# Try it
Down to the last line, retype the records below exactly and skip the pictures.

[Extracted data entries]
------------------------

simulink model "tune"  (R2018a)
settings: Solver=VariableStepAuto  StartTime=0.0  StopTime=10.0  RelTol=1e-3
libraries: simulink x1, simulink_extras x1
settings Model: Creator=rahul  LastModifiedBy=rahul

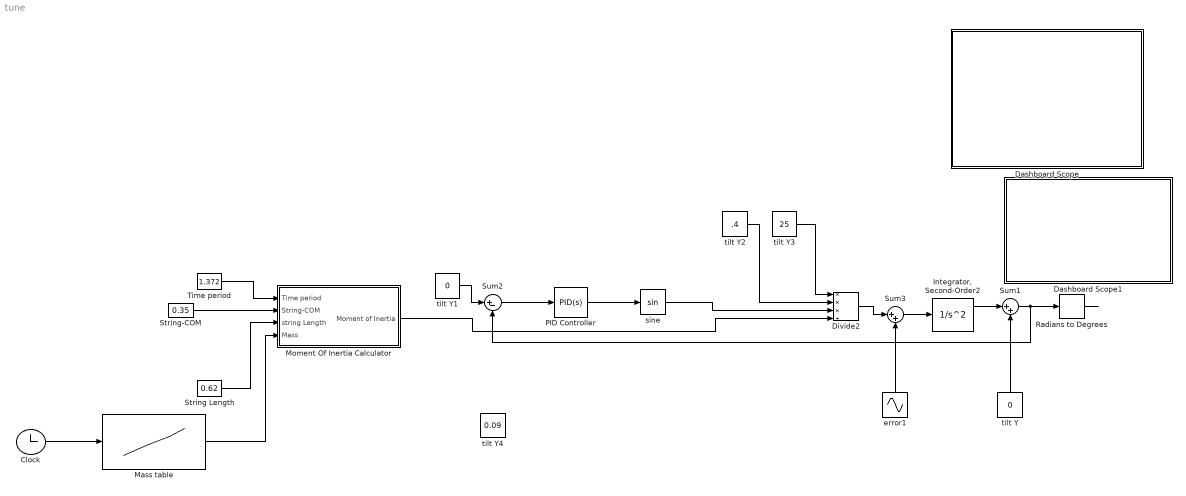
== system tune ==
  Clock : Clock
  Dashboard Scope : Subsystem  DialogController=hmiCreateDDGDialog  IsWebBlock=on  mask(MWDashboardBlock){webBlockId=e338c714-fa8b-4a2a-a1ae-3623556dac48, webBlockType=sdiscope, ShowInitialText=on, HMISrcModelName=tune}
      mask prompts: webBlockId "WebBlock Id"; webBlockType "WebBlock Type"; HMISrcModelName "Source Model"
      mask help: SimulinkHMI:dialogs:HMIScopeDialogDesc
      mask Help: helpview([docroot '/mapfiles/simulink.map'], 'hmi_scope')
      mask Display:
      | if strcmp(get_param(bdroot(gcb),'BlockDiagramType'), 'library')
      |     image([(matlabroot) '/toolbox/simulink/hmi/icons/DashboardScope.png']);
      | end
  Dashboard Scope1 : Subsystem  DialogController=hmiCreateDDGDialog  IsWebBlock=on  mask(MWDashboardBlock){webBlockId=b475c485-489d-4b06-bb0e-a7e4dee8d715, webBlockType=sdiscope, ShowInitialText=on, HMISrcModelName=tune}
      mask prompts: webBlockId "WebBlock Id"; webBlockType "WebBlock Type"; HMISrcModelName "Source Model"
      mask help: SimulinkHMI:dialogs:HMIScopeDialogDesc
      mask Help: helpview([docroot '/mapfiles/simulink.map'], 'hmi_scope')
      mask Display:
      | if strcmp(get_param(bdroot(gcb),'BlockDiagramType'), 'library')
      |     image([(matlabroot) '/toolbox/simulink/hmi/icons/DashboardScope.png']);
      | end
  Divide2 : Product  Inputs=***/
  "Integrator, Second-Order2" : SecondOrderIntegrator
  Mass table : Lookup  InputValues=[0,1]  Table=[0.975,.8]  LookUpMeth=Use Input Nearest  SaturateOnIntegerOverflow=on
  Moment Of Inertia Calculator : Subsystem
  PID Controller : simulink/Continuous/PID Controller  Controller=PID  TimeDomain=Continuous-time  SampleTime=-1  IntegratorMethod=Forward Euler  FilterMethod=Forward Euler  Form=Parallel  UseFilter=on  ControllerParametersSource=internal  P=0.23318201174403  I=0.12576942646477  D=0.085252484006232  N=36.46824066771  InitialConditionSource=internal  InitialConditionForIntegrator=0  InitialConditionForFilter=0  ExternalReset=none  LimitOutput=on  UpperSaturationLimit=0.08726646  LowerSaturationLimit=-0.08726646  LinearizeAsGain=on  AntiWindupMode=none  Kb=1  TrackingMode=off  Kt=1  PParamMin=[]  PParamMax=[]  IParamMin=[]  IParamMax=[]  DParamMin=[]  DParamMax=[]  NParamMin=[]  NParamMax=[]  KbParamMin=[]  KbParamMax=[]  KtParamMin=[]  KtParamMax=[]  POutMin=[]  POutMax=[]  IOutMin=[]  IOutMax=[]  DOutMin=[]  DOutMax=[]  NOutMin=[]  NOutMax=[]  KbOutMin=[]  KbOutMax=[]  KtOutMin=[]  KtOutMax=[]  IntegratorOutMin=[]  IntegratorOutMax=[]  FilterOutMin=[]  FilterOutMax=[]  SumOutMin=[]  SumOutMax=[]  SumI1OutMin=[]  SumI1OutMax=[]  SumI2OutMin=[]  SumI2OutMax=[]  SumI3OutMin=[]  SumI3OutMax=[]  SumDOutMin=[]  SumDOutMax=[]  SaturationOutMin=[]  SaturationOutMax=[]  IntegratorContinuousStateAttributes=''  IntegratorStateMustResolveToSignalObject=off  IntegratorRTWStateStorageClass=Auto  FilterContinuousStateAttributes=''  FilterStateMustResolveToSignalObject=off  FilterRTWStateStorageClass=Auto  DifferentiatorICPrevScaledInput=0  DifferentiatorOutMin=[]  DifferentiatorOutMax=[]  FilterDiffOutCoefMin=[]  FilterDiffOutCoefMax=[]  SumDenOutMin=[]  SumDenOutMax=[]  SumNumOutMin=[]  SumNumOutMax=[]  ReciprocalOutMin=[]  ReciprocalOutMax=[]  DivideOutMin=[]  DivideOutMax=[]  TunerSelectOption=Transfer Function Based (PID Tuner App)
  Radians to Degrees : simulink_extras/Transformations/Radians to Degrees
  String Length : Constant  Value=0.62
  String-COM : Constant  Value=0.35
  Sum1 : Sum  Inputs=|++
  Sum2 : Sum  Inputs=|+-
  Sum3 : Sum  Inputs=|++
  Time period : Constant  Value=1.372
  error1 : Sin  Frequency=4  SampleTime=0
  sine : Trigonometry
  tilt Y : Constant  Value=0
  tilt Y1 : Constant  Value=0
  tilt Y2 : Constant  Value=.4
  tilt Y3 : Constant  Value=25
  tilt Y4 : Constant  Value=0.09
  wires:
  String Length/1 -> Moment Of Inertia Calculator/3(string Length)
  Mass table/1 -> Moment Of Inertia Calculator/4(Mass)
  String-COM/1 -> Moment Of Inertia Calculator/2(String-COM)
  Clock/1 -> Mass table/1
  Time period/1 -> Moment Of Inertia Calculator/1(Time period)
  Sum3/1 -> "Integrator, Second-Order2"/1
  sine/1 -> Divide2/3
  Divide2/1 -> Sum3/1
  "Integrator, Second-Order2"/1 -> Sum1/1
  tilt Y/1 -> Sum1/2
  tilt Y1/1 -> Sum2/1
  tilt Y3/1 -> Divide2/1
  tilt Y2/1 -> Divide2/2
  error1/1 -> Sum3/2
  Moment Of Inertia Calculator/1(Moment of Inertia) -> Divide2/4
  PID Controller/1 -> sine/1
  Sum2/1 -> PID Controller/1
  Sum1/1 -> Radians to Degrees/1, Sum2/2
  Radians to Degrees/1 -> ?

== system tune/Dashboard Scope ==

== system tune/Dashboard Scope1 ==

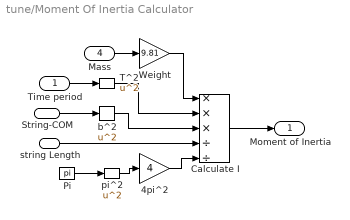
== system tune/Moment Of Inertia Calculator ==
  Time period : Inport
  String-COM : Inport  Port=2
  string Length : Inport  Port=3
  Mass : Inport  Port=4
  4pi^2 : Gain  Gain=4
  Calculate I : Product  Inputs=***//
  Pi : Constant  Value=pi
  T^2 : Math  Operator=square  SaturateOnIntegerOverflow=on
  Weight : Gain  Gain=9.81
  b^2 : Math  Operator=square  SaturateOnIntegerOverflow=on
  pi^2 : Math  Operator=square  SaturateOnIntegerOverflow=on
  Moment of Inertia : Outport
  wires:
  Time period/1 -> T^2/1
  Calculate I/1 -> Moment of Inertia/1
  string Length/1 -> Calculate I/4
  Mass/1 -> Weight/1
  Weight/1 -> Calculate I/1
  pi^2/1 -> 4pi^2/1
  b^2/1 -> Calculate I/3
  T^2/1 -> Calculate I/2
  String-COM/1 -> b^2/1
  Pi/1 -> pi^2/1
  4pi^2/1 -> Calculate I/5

------------------------

# Output of the exercise
simulink model "tune"  (R2018a)
settings: Solver=VariableStepAuto  StartTime=0.0  StopTime=10.0  RelTol=1e-3
libraries: simulink x1, simulink_extras x1
settings Model: Creator=rahul  LastModifiedBy=rahul

== system tune ==
  Clock : Clock
  Dashboard Scope : Subsystem  DialogController=hmiCreateDDGDialog  IsWebBlock=on  mask(MWDashboardBlock){webBlockId=e338c714-fa8b-4a2a-a1ae-3623556dac48, webBlockType=sdiscope, ShowInitialText=on, HMISrcModelName=tune}
      mask prompts: webBlockId "WebBlock Id"; webBlockType "WebBlock Type"; HMISrcModelName "Source Model"
      mask help: SimulinkHMI:dialogs:HMIScopeDialogDesc
      mask Help: helpview([docroot '/mapfiles/simulink.map'], 'hmi_scope')
      mask Display:
      | if strcmp(get_param(bdroot(gcb),'BlockDiagramType'), 'library')
      |     image([(matlabroot) '/toolbox/simulink/hmi/icons/DashboardScope.png']);
      | end
  Dashboard Scope1 : Subsystem  DialogController=hmiCreateDDGDialog  IsWebBlock=on  mask(MWDashboardBlock){webBlockId=b475c485-489d-4b06-bb0e-a7e4dee8d715, webBlockType=sdiscope, ShowInitialText=on, HMISrcModelName=tune}
      mask prompts: webBlockId "WebBlock Id"; webBlockType "WebBlock Type"; HMISrcModelName "Source Model"
      mask help: SimulinkHMI:dialogs:HMIScopeDialogDesc
      mask Help: helpview([docroot '/mapfiles/simulink.map'], 'hmi_scope')
      mask Display:
      | if strcmp(get_param(bdroot(gcb),'BlockDiagramType'), 'library')
      |     image([(matlabroot) '/toolbox/simulink/hmi/icons/DashboardScope.png']);
      | end
  Divide2 : Product  Inputs=***/
  "Integrator, Second-Order2" : SecondOrderIntegrator
  Mass table : Lookup  InputValues=[0,1]  Table=[0.975,.8]  LookUpMeth=Use Input Nearest  SaturateOnIntegerOverflow=on
  Moment Of Inertia Calculator : Subsystem
  PID Controller : simulink/Continuous/PID Controller  Controller=PID  TimeDomain=Continuous-time  SampleTime=-1  IntegratorMethod=Forward Euler  FilterMethod=Forward Euler  Form=Parallel  UseFilter=on  ControllerParametersSource=internal  P=0.23318201174403  I=0.12576942646477  D=0.085252484006232  N=36.46824066771  InitialConditionSource=internal  InitialConditionForIntegrator=0  InitialConditionForFilter=0  ExternalReset=none  LimitOutput=on  UpperSaturationLimit=0.08726646  LowerSaturationLimit=-0.08726646  LinearizeAsGain=on  AntiWindupMode=none  Kb=1  TrackingMode=off  Kt=1  PParamMin=[]  PParamMax=[]  IParamMin=[]  IParamMax=[]  DParamMin=[]  DParamMax=[]  NParamMin=[]  NParamMax=[]  KbParamMin=[]  KbParamMax=[]  KtParamMin=[]  KtParamMax=[]  POutMin=[]  POutMax=[]  IOutMin=[]  IOutMax=[]  DOutMin=[]  DOutMax=[]  NOutMin=[]  NOutMax=[]  KbOutMin=[]  KbOutMax=[]  KtOutMin=[]  KtOutMax=[]  IntegratorOutMin=[]  IntegratorOutMax=[]  FilterOutMin=[]  FilterOutMax=[]  SumOutMin=[]  SumOutMax=[]  SumI1OutMin=[]  SumI1OutMax=[]  SumI2OutMin=[]  SumI2OutMax=[]  SumI3OutMin=[]  SumI3OutMax=[]  SumDOutMin=[]  SumDOutMax=[]  SaturationOutMin=[]  SaturationOutMax=[]  IntegratorContinuousStateAttributes=''  IntegratorStateMustResolveToSignalObject=off  IntegratorRTWStateStorageClass=Auto  FilterContinuousStateAttributes=''  FilterStateMustResolveToSignalObject=off  FilterRTWStateStorageClass=Auto  DifferentiatorICPrevScaledInput=0  DifferentiatorOutMin=[]  DifferentiatorOutMax=[]  FilterDiffOutCoefMin=[]  FilterDiffOutCoefMax=[]  SumDenOutMin=[]  SumDenOutMax=[]  SumNumOutMin=[]  SumNumOutMax=[]  ReciprocalOutMin=[]  ReciprocalOutMax=[]  DivideOutMin=[]  DivideOutMax=[]  TunerSelectOption=Transfer Function Based (PID Tuner App)
  Radians to Degrees : simulink_extras/Transformations/Radians to Degrees
  String Length : Constant  Value=0.62
  String-COM : Constant  Value=0.35
  Sum1 : Sum  Inputs=|++
  Sum2 : Sum  Inputs=|+-
  Sum3 : Sum  Inputs=|++
  Time period : Constant  Value=1.372
  error1 : Sin  Frequency=4  SampleTime=0
  sine : Trigonometry
  tilt Y : Constant  Value=0
  tilt Y1 : Constant  Value=0
  tilt Y2 : Constant  Value=.4
  tilt Y3 : Constant  Value=25
  tilt Y4 : Constant  Value=0.09
  wires:
  String Length/1 -> Moment Of Inertia Calculator/3(string Length)
  Mass table/1 -> Moment Of Inertia Calculator/4(Mass)
  String-COM/1 -> Moment Of Inertia Calculator/2(String-COM)
  Clock/1 -> Mass table/1
  Time period/1 -> Moment Of Inertia Calculator/1(Time period)
  Sum3/1 -> "Integrator, Second-Order2"/1
  sine/1 -> Divide2/3
  Divide2/1 -> Sum3/1
  "Integrator, Second-Order2"/1 -> Sum1/1
  tilt Y/1 -> Sum1/2
  tilt Y1/1 -> Sum2/1
  tilt Y3/1 -> Divide2/1
  tilt Y2/1 -> Divide2/2
  error1/1 -> Sum3/2
  Moment Of Inertia Calculator/1(Moment of Inertia) -> Divide2/4
  PID Controller/1 -> sine/1
  Sum2/1 -> PID Controller/1
  Sum1/1 -> Radians to Degrees/1, Sum2/2
  Radians to Degrees/1 -> ?

== system tune/Dashboard Scope ==

== system tune/Dashboard Scope1 ==

== system tune/Moment Of Inertia Calculator ==
  Time period : Inport
  String-COM : Inport  Port=2
  string Length : Inport  Port=3
  Mass : Inport  Port=4
  4pi^2 : Gain  Gain=4
  Calculate I : Product  Inputs=***//
  Pi : Constant  Value=pi
  T^2 : Math  Operator=square  SaturateOnIntegerOverflow=on
  Weight : Gain  Gain=9.81
  b^2 : Math  Operator=square  SaturateOnIntegerOverflow=on
  pi^2 : Math  Operator=square  SaturateOnIntegerOverflow=on
  Moment of Inertia : Outport
  wires:
  Time period/1 -> T^2/1
  Calculate I/1 -> Moment of Inertia/1
  string Length/1 -> Calculate I/4
  Mass/1 -> Weight/1
  Weight/1 -> Calculate I/1
  pi^2/1 -> 4pi^2/1
  b^2/1 -> Calculate I/3
  T^2/1 -> Calculate I/2
  String-COM/1 -> b^2/1
  Pi/1 -> pi^2/1
  4pi^2/1 -> Calculate I/5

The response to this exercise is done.